American consumers have, surprisingly, been lagging to accept benefits as a key part of being finically healthy. Life insurance ownership is the lowest it has been in more than 50 years, according to a 2011 LIMRA study, yet 70% of households with children say they would be financially challenged if the primary earner died.

Let’s start the beginning. Are you even offering voluntary benefits to your employer groups?

With the Affordable Care Act and the increasing popularity of defined contribution plans, the employee is increasingly concerned with the total compensation package. Three out of four employees say that benefits in a job offer are an extremely or very important piece of their decision-making process, according to the 2013 Health and Voluntary Workplace Benefits Survey.

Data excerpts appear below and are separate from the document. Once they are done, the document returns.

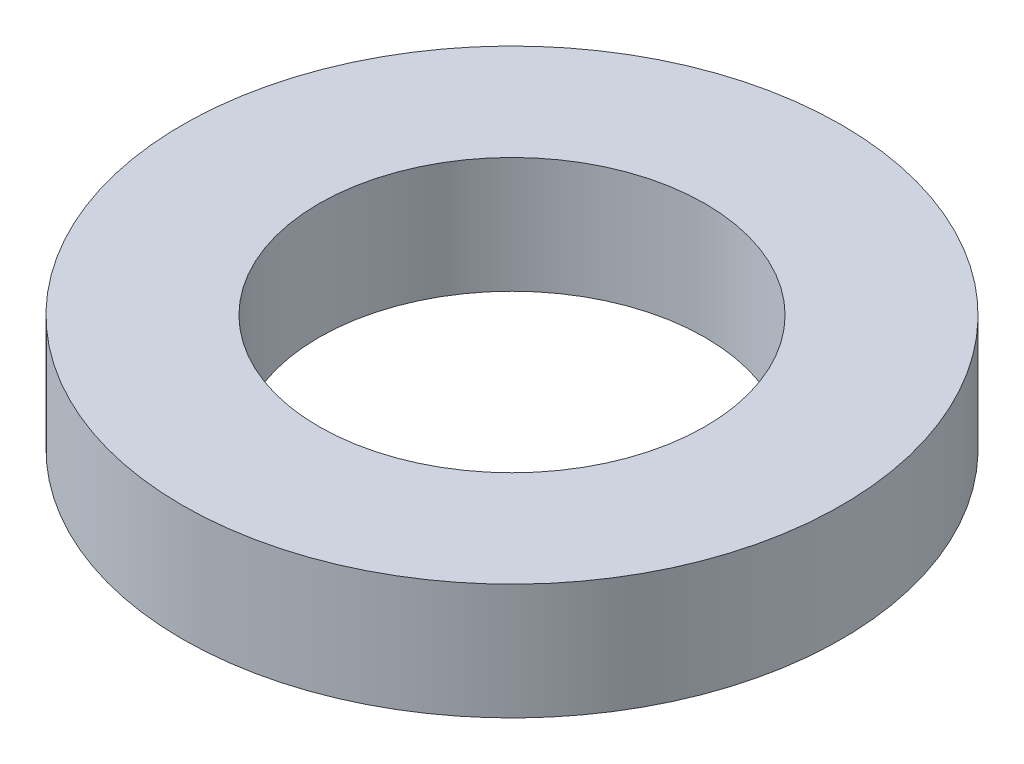
ISO-10303-21;
HEADER;
FILE_DESCRIPTION(('STEP AP214'),'2;1');
FILE_NAME('part.step','',(''),(''),'','','');
FILE_SCHEMA(('AUTOMOTIVE_DESIGN { 1 0 10303 214 1 1 1 1 }'));
ENDSEC;
DATA;
#1=APPLICATION_CONTEXT('core data for automotive mechanical design processes');
#2=APPLICATION_PROTOCOL_DEFINITION('international standard','automotive_design',2000,#1);
#3=PRODUCT_CONTEXT('',#1,'mechanical');
#4=PRODUCT('Part','Part','',(#3));
#5=PRODUCT_RELATED_PRODUCT_CATEGORY('part','',(#4));
#6=PRODUCT_DEFINITION_FORMATION('','',#4);
#7=PRODUCT_DEFINITION_CONTEXT('part definition',#1,'design');
#8=PRODUCT_DEFINITION('design','',#6,#7);
#9=PRODUCT_DEFINITION_SHAPE('','',#8);
#10=(LENGTH_UNIT() NAMED_UNIT(*) SI_UNIT(.MILLI.,.METRE.));
#11=(NAMED_UNIT(*) PLANE_ANGLE_UNIT() SI_UNIT($,.RADIAN.));
#12=(NAMED_UNIT(*) SI_UNIT($,.STERADIAN.) SOLID_ANGLE_UNIT());
#13=UNCERTAINTY_MEASURE_WITH_UNIT(LENGTH_MEASURE(1.E-05),#10,'distance_accuracy_value','');
#14=(GEOMETRIC_REPRESENTATION_CONTEXT(3) GLOBAL_UNCERTAINTY_ASSIGNED_CONTEXT((#13)) GLOBAL_UNIT_ASSIGNED_CONTEXT((#10,
#11,#12)) REPRESENTATION_CONTEXT('',''));
#15=CARTESIAN_POINT('',(0.,0.,0.));
#16=DIRECTION('',(0.,0.,1.));
#17=DIRECTION('',(1.,0.,0.));
#18=AXIS2_PLACEMENT_3D('',#15,#16,#17);
#19=CARTESIAN_POINT('',(0.,4.5,0.));
#20=DIRECTION('',(0.,1.,0.));
#21=DIRECTION('',(0.,0.,1.));
#22=AXIS2_PLACEMENT_3D('',#19,#20,#21);
#23=PLANE('',#22);
#24=CARTESIAN_POINT('',(0.,4.5,0.));
#25=DIRECTION('',(0.,1.,0.));
#26=DIRECTION('',(0.,0.,1.));
#27=AXIS2_PLACEMENT_3D('',#24,#25,#26);
#28=CIRCLE('',#27,12.8);
#29=CARTESIAN_POINT('',(0.,4.5,12.8));
#30=VERTEX_POINT('',#29);
#31=EDGE_CURVE('E10',#30,#30,#28,.T.);
#32=ORIENTED_EDGE('',*,*,#31,.T.);
#33=EDGE_LOOP('',(#32));
#34=FACE_BOUND('',#33,.T.);
#35=CARTESIAN_POINT('',(0.,4.5,0.));
#36=DIRECTION('',(0.,1.,0.));
#37=DIRECTION('',(0.,0.,1.));
#38=AXIS2_PLACEMENT_3D('',#35,#36,#37);
#39=CIRCLE('',#38,7.5);
#40=CARTESIAN_POINT('',(0.,4.5,7.5));
#41=VERTEX_POINT('',#40);
#42=EDGE_CURVE('E42',#41,#41,#39,.T.);
#43=ORIENTED_EDGE('',*,*,#42,.F.);
#44=EDGE_LOOP('',(#43));
#45=FACE_BOUND('',#44,.T.);
#46=ADVANCED_FACE('F31',(#34,#45),#23,.T.);
#47=CARTESIAN_POINT('',(0.,0.,0.));
#48=DIRECTION('',(0.,1.,0.));
#49=DIRECTION('',(0.,0.,1.));
#50=AXIS2_PLACEMENT_3D('',#47,#48,#49);
#51=PLANE('',#50);
#52=CARTESIAN_POINT('',(0.,0.,0.));
#53=DIRECTION('',(0.,1.,0.));
#54=DIRECTION('',(0.,0.,1.));
#55=AXIS2_PLACEMENT_3D('',#52,#53,#54);
#56=CIRCLE('',#55,12.8);
#57=CARTESIAN_POINT('',(0.,0.,12.8));
#58=VERTEX_POINT('',#57);
#59=EDGE_CURVE('E35',#58,#58,#56,.T.);
#60=ORIENTED_EDGE('',*,*,#59,.F.);
#61=EDGE_LOOP('',(#60));
#62=FACE_BOUND('',#61,.T.);
#63=CARTESIAN_POINT('',(0.,0.,0.));
#64=DIRECTION('',(0.,1.,0.));
#65=DIRECTION('',(0.,0.,1.));
#66=AXIS2_PLACEMENT_3D('',#63,#64,#65);
#67=CIRCLE('',#66,7.5);
#68=CARTESIAN_POINT('',(0.,0.,7.5));
#69=VERTEX_POINT('',#68);
#70=EDGE_CURVE('E44',#69,#69,#67,.T.);
#71=ORIENTED_EDGE('',*,*,#70,.T.);
#72=EDGE_LOOP('',(#71));
#73=FACE_BOUND('',#72,.T.);
#74=ADVANCED_FACE('F54',(#62,#73),#51,.F.);
#75=CARTESIAN_POINT('',(0.,4.5,0.));
#76=DIRECTION('',(0.,-1.,0.));
#77=DIRECTION('',(0.,0.,-1.));
#78=AXIS2_PLACEMENT_3D('',#75,#76,#77);
#79=CYLINDRICAL_SURFACE('',#78,12.8);
#80=ORIENTED_EDGE('',*,*,#31,.F.);
#81=EDGE_LOOP('',(#80));
#82=FACE_BOUND('',#81,.T.);
#83=ORIENTED_EDGE('',*,*,#59,.T.);
#84=EDGE_LOOP('',(#83));
#85=FACE_BOUND('',#84,.T.);
#86=ADVANCED_FACE('F33',(#82,#85),#79,.T.);
#87=CARTESIAN_POINT('',(0.,4.5,0.));
#88=DIRECTION('',(0.,-1.,0.));
#89=DIRECTION('',(0.,0.,-1.));
#90=AXIS2_PLACEMENT_3D('',#87,#88,#89);
#91=CYLINDRICAL_SURFACE('',#90,7.5);
#92=ORIENTED_EDGE('',*,*,#42,.T.);
#93=EDGE_LOOP('',(#92));
#94=FACE_BOUND('',#93,.T.);
#95=ORIENTED_EDGE('',*,*,#70,.F.);
#96=EDGE_LOOP('',(#95));
#97=FACE_BOUND('',#96,.T.);
#98=ADVANCED_FACE('F50',(#94,#97),#91,.F.);
#99=CLOSED_SHELL('',(#46,#74,#86,#98));
#100=MANIFOLD_SOLID_BREP('B2',#99);
#101=ADVANCED_BREP_SHAPE_REPRESENTATION('',(#18,#100),#14);
#102=SHAPE_DEFINITION_REPRESENTATION(#9,#101);
ENDSEC;
END-ISO-10303-21;

Also see: "7 trends that shook benefits in 2015."

“The War for Talent,” coined in the 1997 book by Ed Michaels, Helen Handfield-Jones and Beth Axelrod, is heating up once again in 2015. I hope you’re not assuming employees have no place to go. Because the unemployment rate that once soared above 10% is now down to 5.4%, as of May 22. As American businesses recover from the recession, the employee is gaining control back. It’s time for the employer to be competitive with benefit packages.

Offering worksite products is a cost-effective solution for employers to have robust benefit packages while not adding significant cost to their bottom line, since such benefits are primarily employee paid. This also creates additional coverage for employees when a high deductible health plan is introduced. This benefit package theme is more common than ever since the ACA.

Not only should you be offering voluntary benefits to your groups to expand your portfolio, but also if you are not offering any, your competitors are invited in. To keep what you have, you must consider expanding. The key issue is your comfort selling the products. Shopping for voluntary benefits and implementing them has never been easier.

How to be successful 
Employees typically require at least three communication touch points during a voluntary benefit roll-out because they need time to review plan information and process it.

Choose wisely. Rolling out voluntary products with medical products allows the same emphasis of importance and voluntary products quickly go from perceived bonus coverage to a necessity in an enrollment session. However, you run the risk of overwhelming employees. Too many options with too much perceived cost at once could lead to information fatigue and purchase aversion.

Alternatively, enrolling voluntary benefits in a separate session creates a fresh emphasis on the products and employees can weigh their options without thinking of their rising medical costs. A separate enrollment period could be ideal for you — if you can get HR to require everyone to attend. Without help from your contact, fewer employees are likely to take time off from work.

Also see: "From tech-fueled rivalries to ACA reporting intricacies: Top blogs of 2015."

Perfect your lineup. Business 101 pitches location, location, location. However, when it comes to selling voluntary benefits, timing is what will make or break a sale. The concept of decision fatigue is not a theory but rather a proven statistic; longer enrollment sessions have a negative correlation to product enrollments. Don’t expect your employees to want to opt in to more monthly payments after they’ve just heard an increase in medical plans if you are enrolling them together.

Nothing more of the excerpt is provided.